▸ **MATERIAL SHOWN**
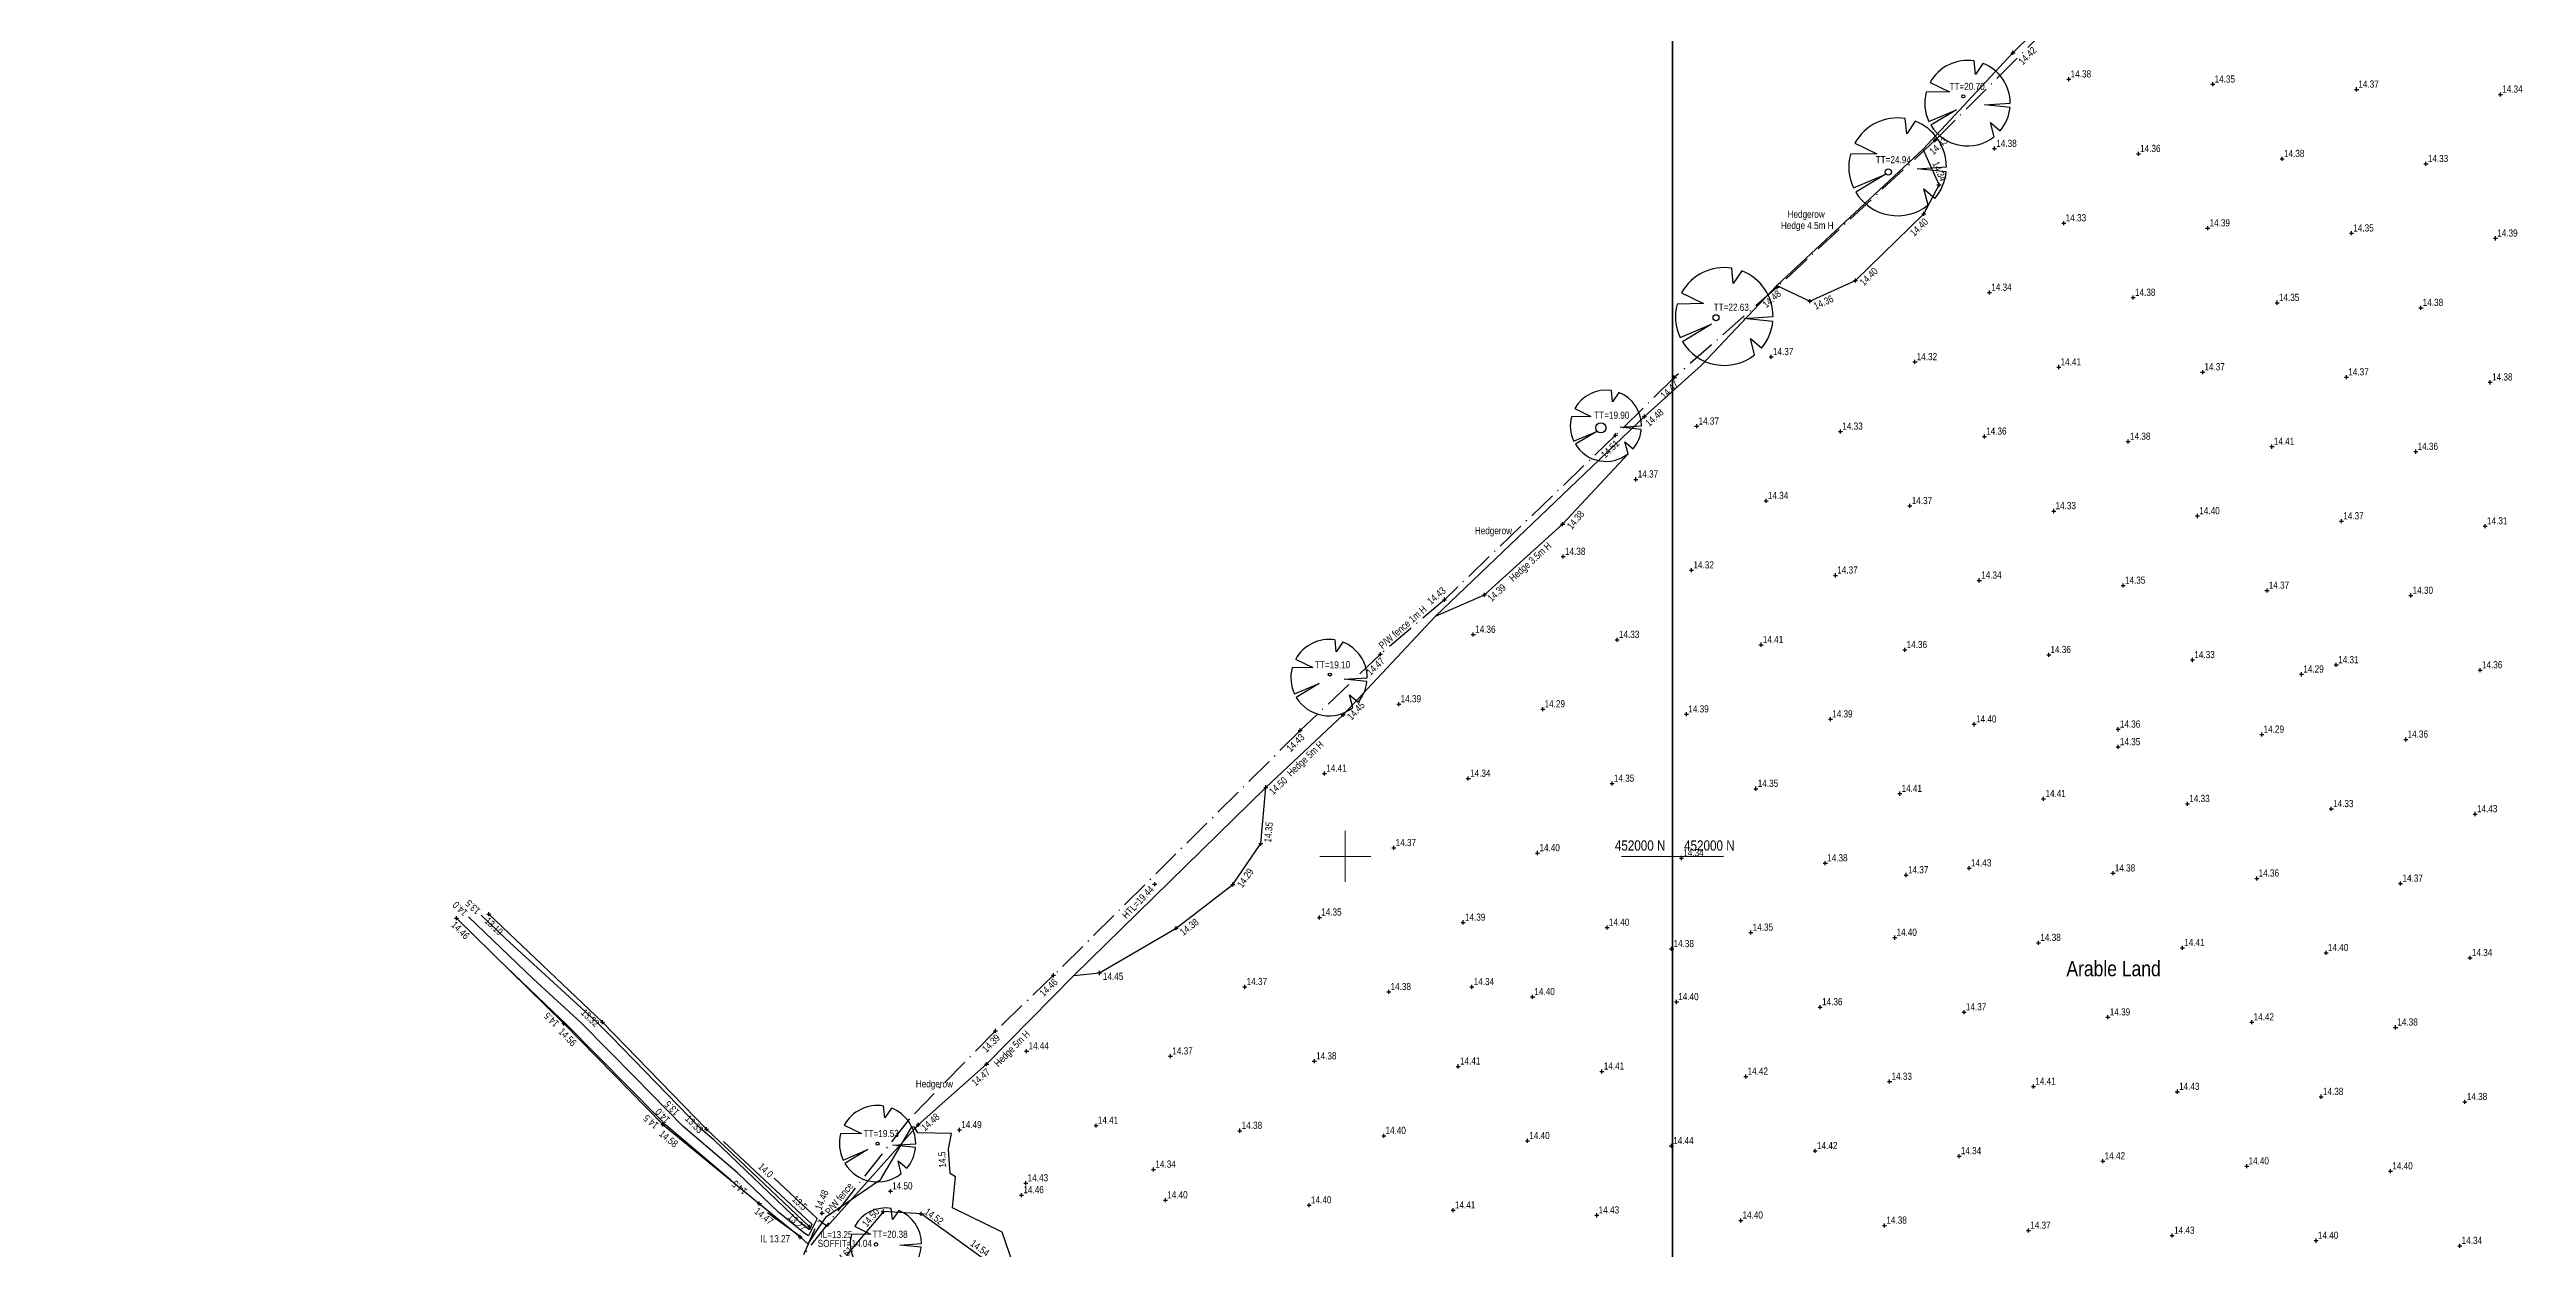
# Model space of a CAD drawing. Extents: x 452260 to 454003, y 451265 to 453203.
# Drawn here: x 453272.7 to 453516.1, y 451961.5 to 452079.2 of the extents above; entities that cross this region are included whole.
import ezdxf
from ezdxf.enums import TextEntityAlignment as Align

# ---------------------------------------------------------------- set-up
doc = ezdxf.new("R2010")
doc.units = 0
doc.header["$LTSCALE"] = 0.7
doc.header["$MEASUREMENT"] = 0
doc.header["$PDMODE"] = 2
doc.header["$PDSIZE"] = 0.2
doc.linetypes.add('Dash-Dot', pattern=[6, 4, -1, 0, -1])
doc.linetypes.add('DASHED', pattern=[5442.857143, 3628.571429, -1814.285714])
for name, color, linetype, lineweight in [('Border', 7, 'Continuous', 25), ('FFS_Tree Top Levels', 94, 'Continuous', 25), ('FPS_Bottom of Bank', 7, 'DASHED', 25), ('FPS_Contours-Minor', 184, 'Continuous', 25), ('FPS_Fence', 42, 'Dash-Dot', 25), ('FPS_Grid', 7, 'Continuous', 13), ('FPS_Hedge', 86, 'Continuous', 25), ('FPS_Hedge Top Level', 7, 'Continuous', 25), ('FPS_Invert Level', 7, 'Continuous', 25), ('FPS_Levels', 7, 'Continuous', 25), ('FPS_Spot Levels', 7, 'Continuous', 25), ('FPS_Text', 7, 'Continuous', 25), ('FPS_Top of Bank', 7, 'DASHED', 25), ('FPS_Trees', 77, 'Continuous', 25)]:
    doc.layers.add(name, color=color, linetype=linetype, lineweight=lineweight)
doc.styles.add('Default', font='ARIALN.TTF')
doc.styles.get("Standard").update_dxf_attribs({"font": 'ARIALN.TTF'})

msp = doc.modelspace()

# ---------------------------------------------------------------- linework, layer by layer
at = {"layer": 'Border'}
for points in [[(452893.52, 452312.76), (453432.15, 452312.76), (453432.15, 451898.65), (452893.52, 451898.65)], [(453432.15, 452312.76), (453970.77, 452312.76), (453970.77, 451898.65), (453432.15, 451898.65)]]:
    msp.add_lwpolyline(points, close=True, dxfattribs=at)
at = {"layer": 'FPS_Bottom of Bank'}
msp.add_polyline3d([(453347.35, 451963.62, 13.27), (453337.23, 451973.22, 13.33), (453327.02, 451983.71, 13.32), (453315.85, 451994.32, 13.19)], dxfattribs=at)
for p in [(453315.85, 451994.32, 13.19), (453327.02, 451983.71, 13.32), (453337.23, 451973.22, 13.33), (453347.35, 451963.62, 13.27)]:
    msp.add_point(p, dxfattribs=at)
at = {"layer": 'FPS_Contours-Minor', "flags": 128}
for points, elevation in [([(453338.91, 451972.01), (453347.59, 451963.88), (453347.36, 451963.32), (453347.18, 451963.43), (453346.39, 451964.07), (453338, 451972.13), (453336.65, 451973.28), (453327.85, 451982.3), (453326.48, 451983.69), (453317.51, 451991.91), (453315.08, 451994.23)], 13.5), ([(453343.87, 451968.4), (453348.1, 451964.44), (453347.27, 451962.74), (453346.81, 451963.03), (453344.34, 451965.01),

▸ **PROBLEM STATEMENT**
From the line holding "doc.styles.add('Default', font='ARIALN.TTF')" to the line holding "451994.32, 13.19)], dxfattribs=at)", inclusive, restate each line above exactly as written.

▸ **EXERCISE OUTPUT**
doc.styles.add('Default', font='ARIALN.TTF')
doc.styles.get("Standard").update_dxf_attribs({"font": 'ARIALN.TTF'})

msp = doc.modelspace()

# ---------------------------------------------------------------- linework, layer by layer
at = {"layer": 'Border'}
for points in [[(452893.52, 452312.76), (453432.15, 452312.76), (453432.15, 451898.65), (452893.52, 451898.65)], [(453432.15, 452312.76), (453970.77, 452312.76), (453970.77, 451898.65), (453432.15, 451898.65)]]:
    msp.add_lwpolyline(points, close=True, dxfattribs=at)
at = {"layer": 'FPS_Bottom of Bank'}
msp.add_polyline3d([(453347.35, 451963.62, 13.27), (453337.23, 451973.22, 13.33), (453327.02, 451983.71, 13.32), (453315.85, 451994.32, 13.19)], dxfattribs=at)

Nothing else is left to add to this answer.